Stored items
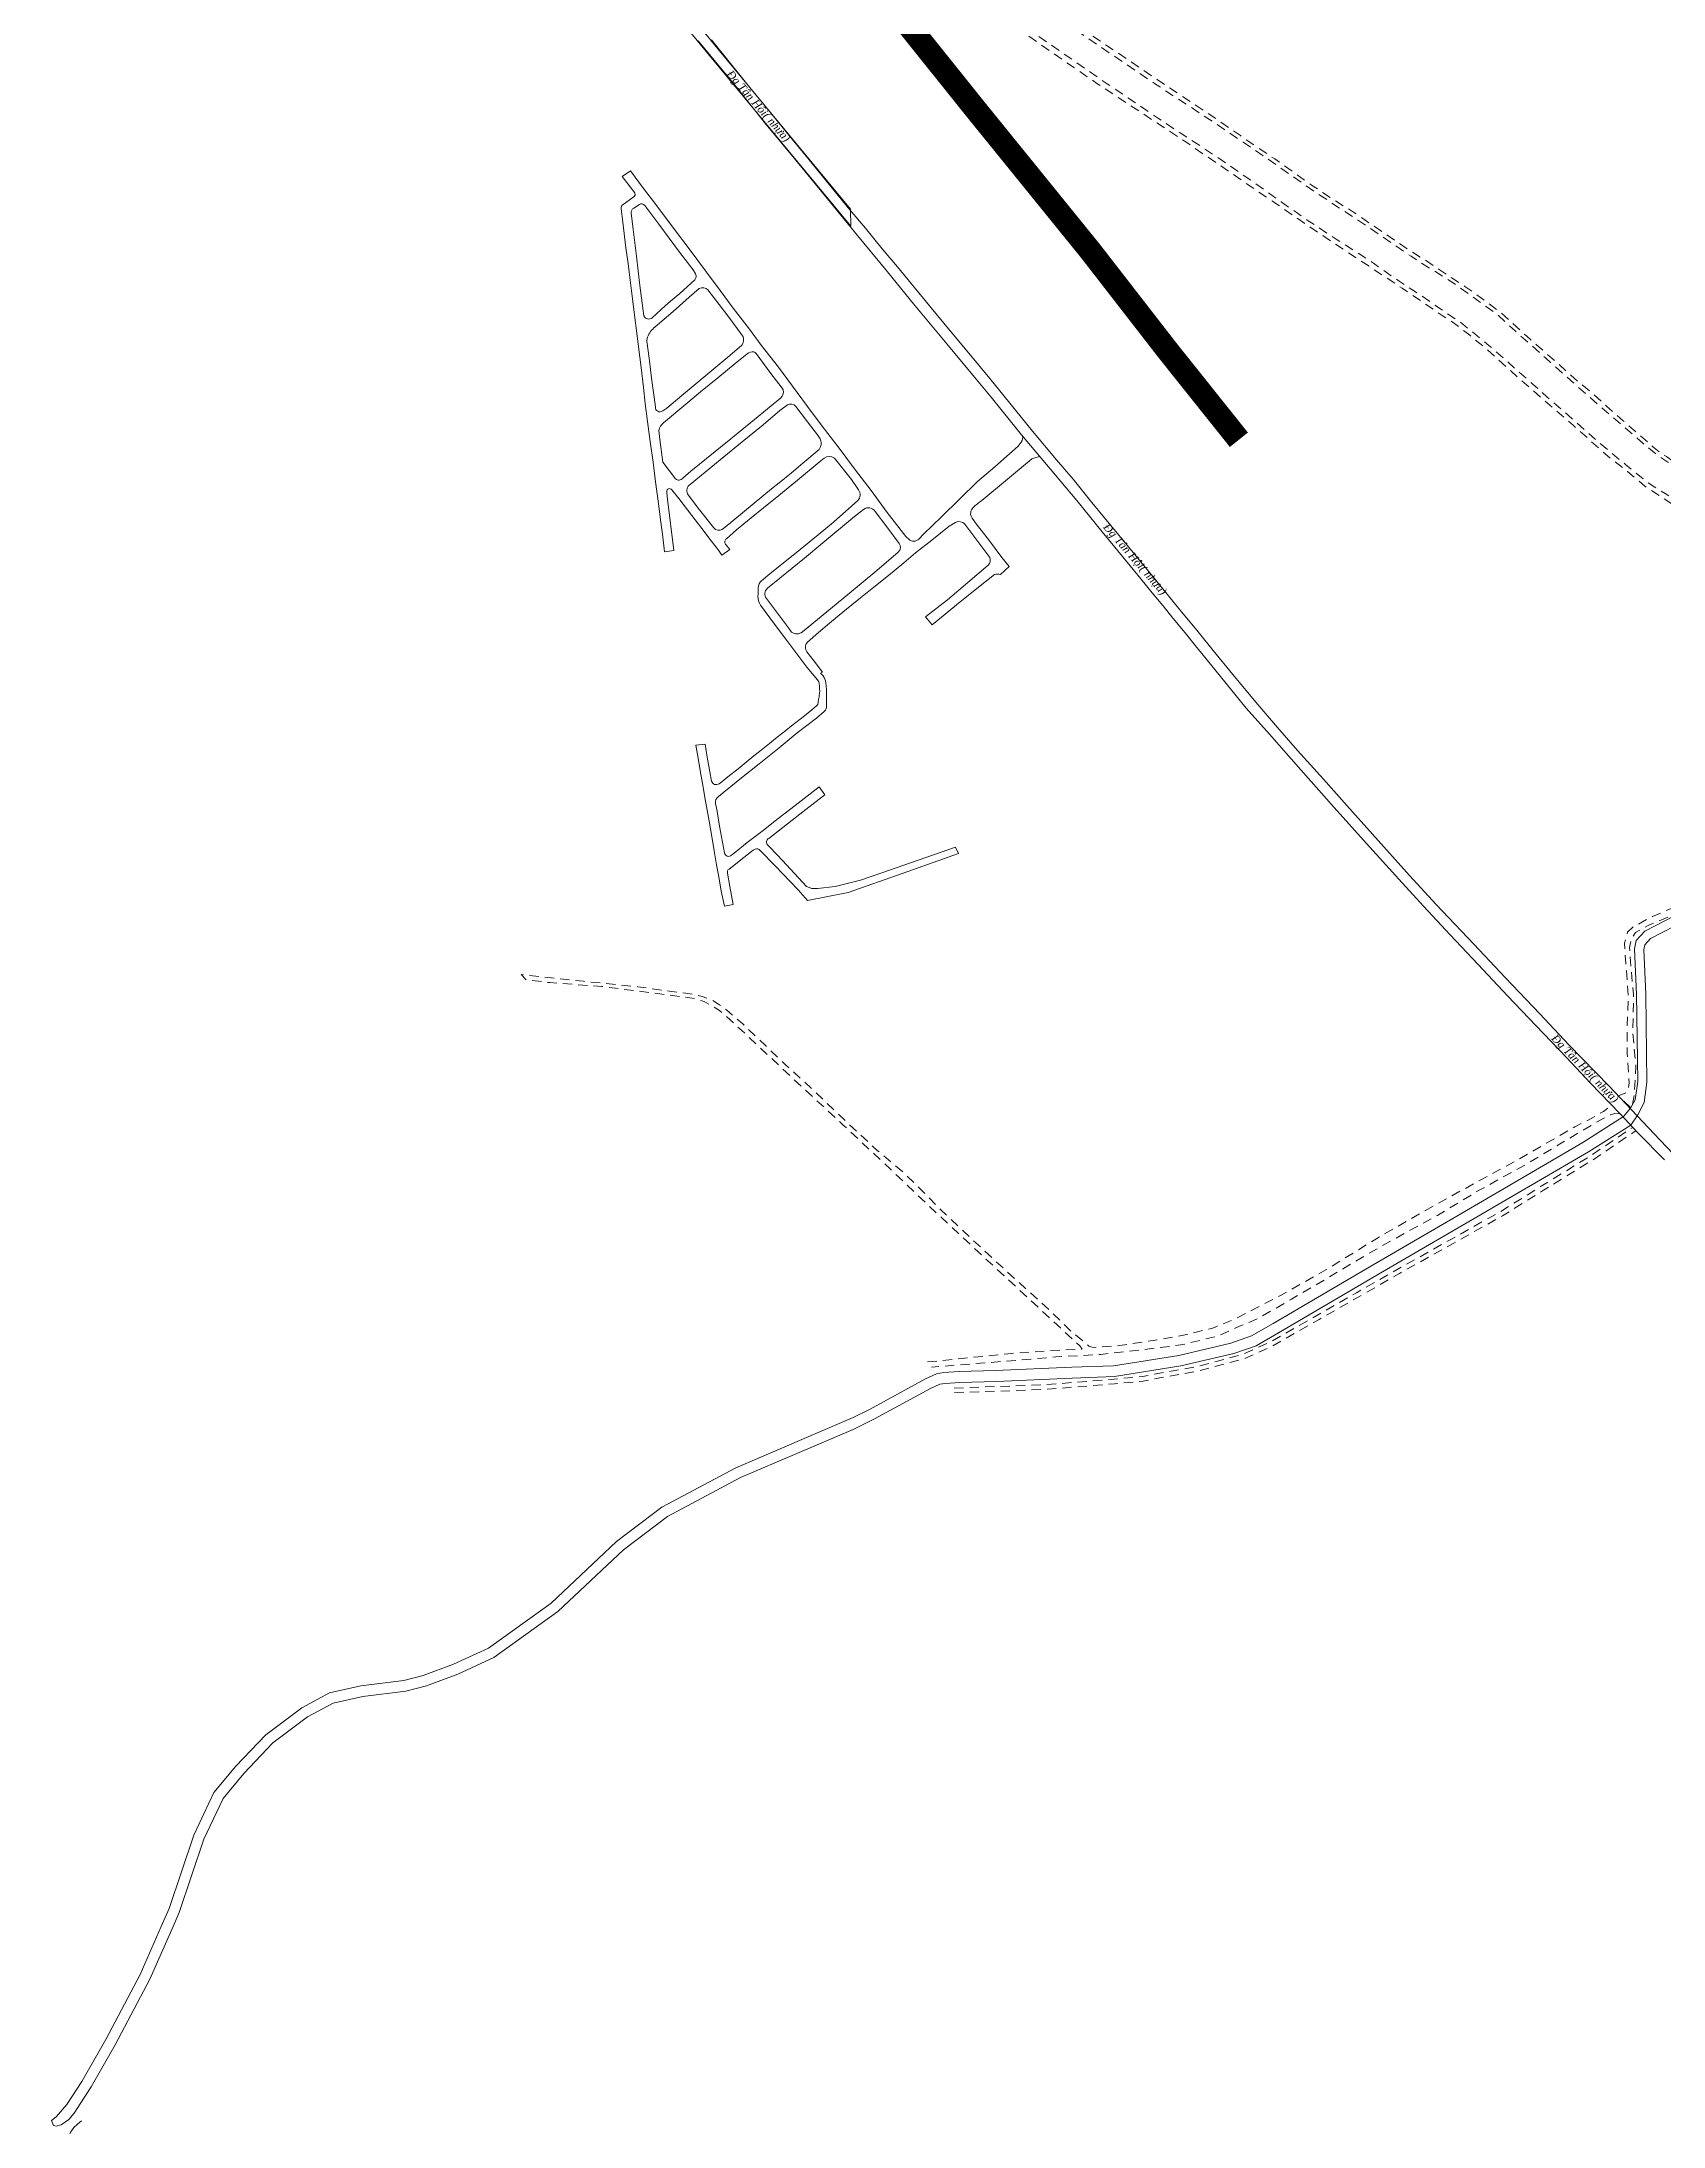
# Model space of a CAD drawing. Header units: metres. Extents: x 556238 to 587446, y 1177111 to 1219372.
# Drawn here: x 571210 to 572261, y 1205923 to 1207273 of the extents above; entities that cross this region are included whole.
import ezdxf

# ---------------------------------------------------------------- set-up
doc = ezdxf.new("R2010")
doc.units = ezdxf.units.M
doc.header["$MEASUREMENT"] = 0
for name, pattern in [('ACAD_ISO03W100', [30, 12, -18]), ('DASHED2', [0.375, 0.25, -0.125]), ('Xr_Nen GT$0$MON', [10, 6, -4])]:
    doc.linetypes.add(name, pattern=pattern)
for name, color, linetype, lineweight in [('Pipe Existing_DTDH', 4, 'ACAD_ISO03W100', 40), ('Xr_Nen GT$0$DUONG NHUA', 38, 'Continuous', 0), ('Xr_Nen GT$0$DUONG_DA', 38, 'Xr_Nen GT$0$MON', 0), ('Xr_Nen GT$1$SONG_HO', 250, 'Continuous', 0)]:
    doc.layers.add(name, color=color, linetype=linetype, lineweight=lineweight)
doc.styles.add('Xr_Nen GT$0$ROMANC', font='romanc.shx')

# ---------------------------------------------------------------- blocks, each defined once
blk = doc.blocks.new('DTDH_EXISTING_PIPE')
at = {"layer": 'Pipe Existing_DTDH', "color": 3, "linetype": 'DASHED2', "ltscale": 200, "const_width": 15, "elevation": 0.8, "flags": 128}
blk.add_lwpolyline([(-5781.9, 6999.1), (-5828.3, 7057.2), (-5878.2, 7121.5), (-5952.9, 7213.6), (-6091.3, 7386.2), (-6135.2, 7434.7), (-6200.9, 7503.3), (-6254.5, 7566.1), (-6302, 7619.2), (-6348.4, 7670), (-6376.2, 7697.6), (-6410.5, 7726.3), (-6449.4, 7749.2), (-6547.8, 7813.4), (-6609.6, 7850.6)], dxfattribs=at)

msp = doc.modelspace()

# ---------------------------------------------------------------- linework, layer by layer
at = {"layer": 'Xr_Nen GT$0$DUONG NHUA'}
msp.add_lwpolyline([(571612.38126, 1207312.275), (571648.37451, 1207268.07568), (571734.40442, 1207164.18372), (571734.42832, 1207153.25912), (571642.98266, 1207263.61206), (571606.95153, 1207307.85946)], dxfattribs=at)
at = {"layer": 'Xr_Nen GT$0$DUONG NHUA', "flags": 128}
for points in [[(572261.8508, 1206548.45343), (572244.79477, 1206565.78266), (572232.84573, 1206578.44875), (572213.88626, 1206598.21984), (572198.2572, 1206614.87768), (572178.65068, 1206635.40299), (572160.13192, 1206654.70251), (572141.10286, 1206674.95798), (572122.92163, 1206694.33192), (572105.52637, 1206712.81402), (572089.52715, 1206730.24472), (572068.65941, 1206753.32215), (572047.82163, 1206776.71159), (572026.10099, 1206801.05437), (572005.70875, 1206824.16556), (571990.7608, 1206840.99067), (571964.71429, 1206873.05645), (571957.88797, 1206881.32312), (571951.06212, 1206889.71109), (571943.35535, 1206899.14075), (571936.6102, 1206907.48855), (571929.83848, 1206915.77025), (571922.33225, 1206924.8256), (571905.52894, 1206945.35451), (571897.43752, 1206955.18761), (571880.89444, 1206975.48645), (571867.20626, 1206991.836), (571845.18651, 1207018.1095), (571825.4529, 1207042.3411), (571815.62887, 1207054.05996), (571798.80164, 1207074.48691), (571787.0169, 1207088.68337), (571775.14567, 1207102.96728), (571756.23235, 1207126.02348), (571738.79094, 1207147.08255), (571715.59162, 1207175.59728), (571697.8076, 1207197.13893), (571679.47004, 1207219.32973), (571660.68791, 1207242.93291), (571635.66368, 1207273.16231)], [(571644.20161, 1207273.79423), (571667.99506, 1207244.23391), (571681.16666, 1207228.27339), (571696.61523, 1207209.52466), (571706.69176, 1207197.3106), (571718.78721, 1207182.25845), (571733.81634, 1207163.85849), (571743.98613, 1207151.90395), (571754.8868, 1207138.59161), (571764.66154, 1207126.79974), (571775.51365, 1207113.60309), (571786.50661, 1207100.3843), (571798.81324, 1207085.47508), (571811.00123, 1207070.87146), (571824.52945, 1207054.48675), (571837.58508, 1207038.50179), (571852.3279, 1207020.43266), (571867.7296, 1207001.9124), (571878.50825, 1206989.37191), (571890.78975, 1206974.27319), (571902.93135, 1206959.41716), (571914.46215, 1206945.61262), (571927.44964, 1206929.6485), (571946.85755, 1206905.82846), (571959.49108, 1206890.47883), (571969.2895, 1206878.33429), (571982.13565, 1206862.79284), (571996.87944, 1206844.95609), (572010.96651, 1206828.59803), (572023.92936, 1206813.69041), (572040.75876, 1206794.97794), (572055.87077, 1206778.03052), (572072.59434, 1206759.42893), (572096.6294, 1206732.65462), (572113.87921, 1206713.90348), (572138.21629, 1206688.21593), (572158.84097, 1206666.42327), (572180.889, 1206643.06629), (572199.75062, 1206623.04029), (572225.88941, 1206596.1594), (572255.06772, 1206565.29237), (572271.32546, 1206548.26823)]]:
    msp.add_lwpolyline(points, dxfattribs=at)
for points in [[(571845.5842, 1207017.51094), (571845.91884, 1207016.28796), (571845.82751, 1207015.55868), (571845.52332, 1207014.41403), (571844.96567, 1207013.33007), (571843.04459, 1207010.63101), (571837.31061, 1207005.73128), (571827.78448, 1206997.42414), (571816.70139, 1206987.89993), (571793.21117, 1206964.85165), (571781.60571, 1206953.71373), (571778.61767, 1206950.56714, -0.4201388532), (571772.02764, 1206950.46337, 0.0150996227), (571770.1515, 1206952.2096), (571758.13892, 1206967.76416), (571747.7802, 1206981.96453), (571736.92881, 1206996.08658), (571726.88201, 1207009.43026), (571717.48539, 1207021.70873), (571709.56793, 1207032.3266), (571696.76962, 1207049.48696), (571687.65787, 1207061.89424), (571676.52186, 1207076.06736), (571668.78393, 1207086.45247), (571658.37518, 1207099.97925), (571649.75584, 1207111.42797), (571641.08502, 1207123.36999), (571629.74075, 1207138.50227), (571619.53762, 1207151.94652), (571608.19069, 1207167.21752), (571600.1964, 1207177.49815), (571591.70777, 1207189.12907), (571586.44082, 1207185.42197), (571594.56437, 1207174.67529), (571594.66826, 1207173.35315), (571593.86393, 1207172.18656), (571591.65848, 1207170.65709), (571586.09023, 1207166.55976), (571585.62126, 1207165.18013), (571585.67345, 1207164.32114), (571586.6892, 1207155.79665), (571588.74557, 1207139.19879), (571590.1769, 1207128.95272), (571591.60991, 1207118.16477), (571593.04268, 1207106.14873), (571594.81444, 1207092.12524), (571595.46559, 1207087.24154), (571596.87275, 1207075.12544), (571598.56719, 1207061.64894), (571600.10434, 1207048.79775), (571601.32885, 1207038.29546), (571602.76258, 1207026.72254), (571604.56092, 1207013.73683), (571606.46194, 1207000.31422), (571608.02615, 1206987.70071), (571609.98178, 1206973.52217), (571611.25943, 1206963.06956), (571612.43199, 1206953.78985), (571613.86597, 1206942.23867), (571619.8841, 1206943.17578), (571615.6254, 1206976.48527), (571615.34634, 1206980.53762), (571615.26419, 1206981.3251, -0.7995285305), (571618.4332, 1206982.39583), (571623.03547, 1206976.8783), (571631.49415, 1206965.90706), (571637.93341, 1206957.41732), (571643.92955, 1206949.45023), (571648.72656, 1206943.30579), (571650.98275, 1206940.08959), (571656.09773, 1206943.73238), (571653.3931, 1206947.29064, -0.4310281951), (571653.96186, 1206950.7276), (571660.47288, 1206956.4752), (571669.87844, 1206964.21562), (571677.99402, 1206970.77563), (571687.86686, 1206978.77257), (571700.02296, 1206988.72687), (571713.95251, 1207000.42139), (571717.18603, 1207002.94387, -0.3067452935), (571723.85772, 1207002.94387), (571734.89225, 1206989.02095), (571738.66844, 1206983.62041), (571739.54743, 1206982.38782, -0.3565373284), (571739.10044, 1206975.57269), (571723.26891, 1206961.44053), (571713.41443, 1206953.34303), (571698.3406, 1206941.01919), (571683.33249, 1206929.04182), (571676.70549, 1206923.57447, 0.2221563327), (571674.48433, 1206918.90231, -0.0106443901), (571674.33477, 1206913.53413, 0.1665939236), (571676.02269, 1206907.68657), (571685.06438, 1206895.44787), (571692.41718, 1206885.62778), (571700.86595, 1206874.59353), (571706.11623, 1206867.57328), (571712.89254, 1206859.44933, -0.1590025318), (571714.068, 1206856.50497, 0.0056715305), (571714.31082, 1206853.3082, -0.0611256146), (571714.20644, 1206850.32237, 0.0059703846), (571713.66329, 1206846.60546), (571713.04766, 1206843.31113), (571712.36897, 1206842.57744), (571709.16564, 1206839.88769), (571704.45706, 1206836.14904), (571696.04478, 1206829.53214), (571692.3691, 1206826.65859), (571686.78491, 1206822.16061), (571681.88884, 1206818.11106), (571676.48127, 1206813.88322), (571671.64802, 1206810.05142), (571666.73069, 1206806.11646), (571661.46978, 1206801.72034), (571654.90391, 1206796.55339), (571651.00957, 1206793.39898), (571649.18152, 1206792.08185, -0.5192959988), (571644.27747, 1206793.7812), (571643.11748, 1206799.75446), (571642.51224, 1206803.40327), (571641.60353, 1206808.0589), (571640.50684, 1206814.81383), (571640.05502, 1206817.70741), (571634.13426, 1206816.98875), (571635.63662, 1206808.5562), (571637.07423, 1206799.4681), (571638.11196, 1206793.54171), (571640.42107, 1206780.82274), (571641.42449, 1206774.88273), (571642.62894, 1206767.77253), (571644.23567, 1206759.18513), (571646.02531, 1206748.52709), (571647.43102, 1206739.5068), (571648.95368, 1206731.77419), (571650.57708, 1206722.5698), (571652.55421, 1206712.73299), (571658.36866, 1206713.7921), (571656.20162, 1206725.56204), (571654.68936, 1206734.16656), (571654.55502, 1206735.11319, -0.3670157075), (571655.61305, 1206736.79131), (571665.17276, 1206744.24817), (571671.274, 1206749.09211), (571672.50164, 1206749.68166, -0.3698015066), (571675.70956, 1206748.82588), (571685.43961, 1206738.98035), (571700.34141, 1206723.36248), (571706.45014, 1206716.45741), (571732.79286, 1206721.63068), (571768.46431, 1206734.10426), (571804.3044, 1206746.88664), (571802.31906, 1206750.98347), (571754.52896, 1206734.36588), (571740.78933, 1206729.65376), (571724.4318, 1206725.6001), (571712.865, 1206724.22017, -0.1496407419), (571705.71732, 1206725.50855), (571690.29895, 1206742.26857), (571682.16791, 1206750.70512), (571680.67401, 1206752.27275, -0.491436302), (571681.35149, 1206756.6888), (571696.49974, 1206768.54898), (571703.32631, 1206773.90224), (571714.01605, 1206782.13456), (571717.67892, 1206784.85256), (571713.91965, 1206789.99618), (571698.36839, 1206777.94198), (571687.33652, 1206769.57514), (571676.88284, 1206761.23886), (571667.27649, 1206754.00515), (571658.87243, 1206747.22519), (571657.26352, 1206745.7531, -0.6133570467), (571652.75934, 1206747.44514), (571649.43666, 1206764.61532), (571647.80987, 1206774.28847), (571646.84269, 1206779.29196, -0.3135817419), (571648.87467, 1206783.88159), (571663.7656, 1206795.85956), (571675.14925, 1206804.97231), (571688.12636, 1206815.42652), (571699.81735, 1206824.96545), (571712.30494, 1206834.58962), (571717.28727, 1206838.86273, 0.250481499), (571718.79711, 1206842.74381), (571718.69539, 1206853.09165), (571718.30591, 1206857.46703, 0.1437192052), (571716.54479, 1206861.95078), (571714.84986, 1206863.67096), (571716.08596, 1206864.36459), (571710.75039, 1206871.53008), (571705.92318, 1206877.55873), (571705.36288, 1206878.88508, -0.3184276956), (571706.4296, 1206883.72691), (571713.66209, 1206890.04423), (571720.72568, 1206896.0231), (571730.55165, 1206904.35849), (571739.71656, 1206911.54211), (571749.46062, 1206919.43928), (571758.94712, 1206926.99511), (571768.82431, 1206935.12546), (571776.44821, 1206941.65162), (571786.93669, 1206949.76544), (571798.28918, 1206958.9516), (571802.37729, 1206961.27656, -0.3661770097), (571808.30989, 1206960.16677), (571818.7179, 1206946.4022), (571824.54491, 1206938.53237, -0.2759774073), (571823.56976, 1206933.55191), (571797.11735, 1206911.18243), (571782.96817, 1206900.2847), (571787.16695, 1206894.89818), (571805.32426, 1206909.95544), (571822.53662, 1206923.42523), (571827.53006, 1206927.50193, -0.1273386866), (571831.51235, 1206927.55601), (571837.03855, 1206932.80721), (571832.26908, 1206938.69113), (571823.65215, 1206950.26154), (571815.62983, 1206960.40065), (571813.0808, 1206964.12207, -0.3649811359), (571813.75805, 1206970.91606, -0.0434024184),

* Task to complete: Work out how many lines in the entries above include the word "pattern". Respond with only the number.

* Answer to the exercise: 2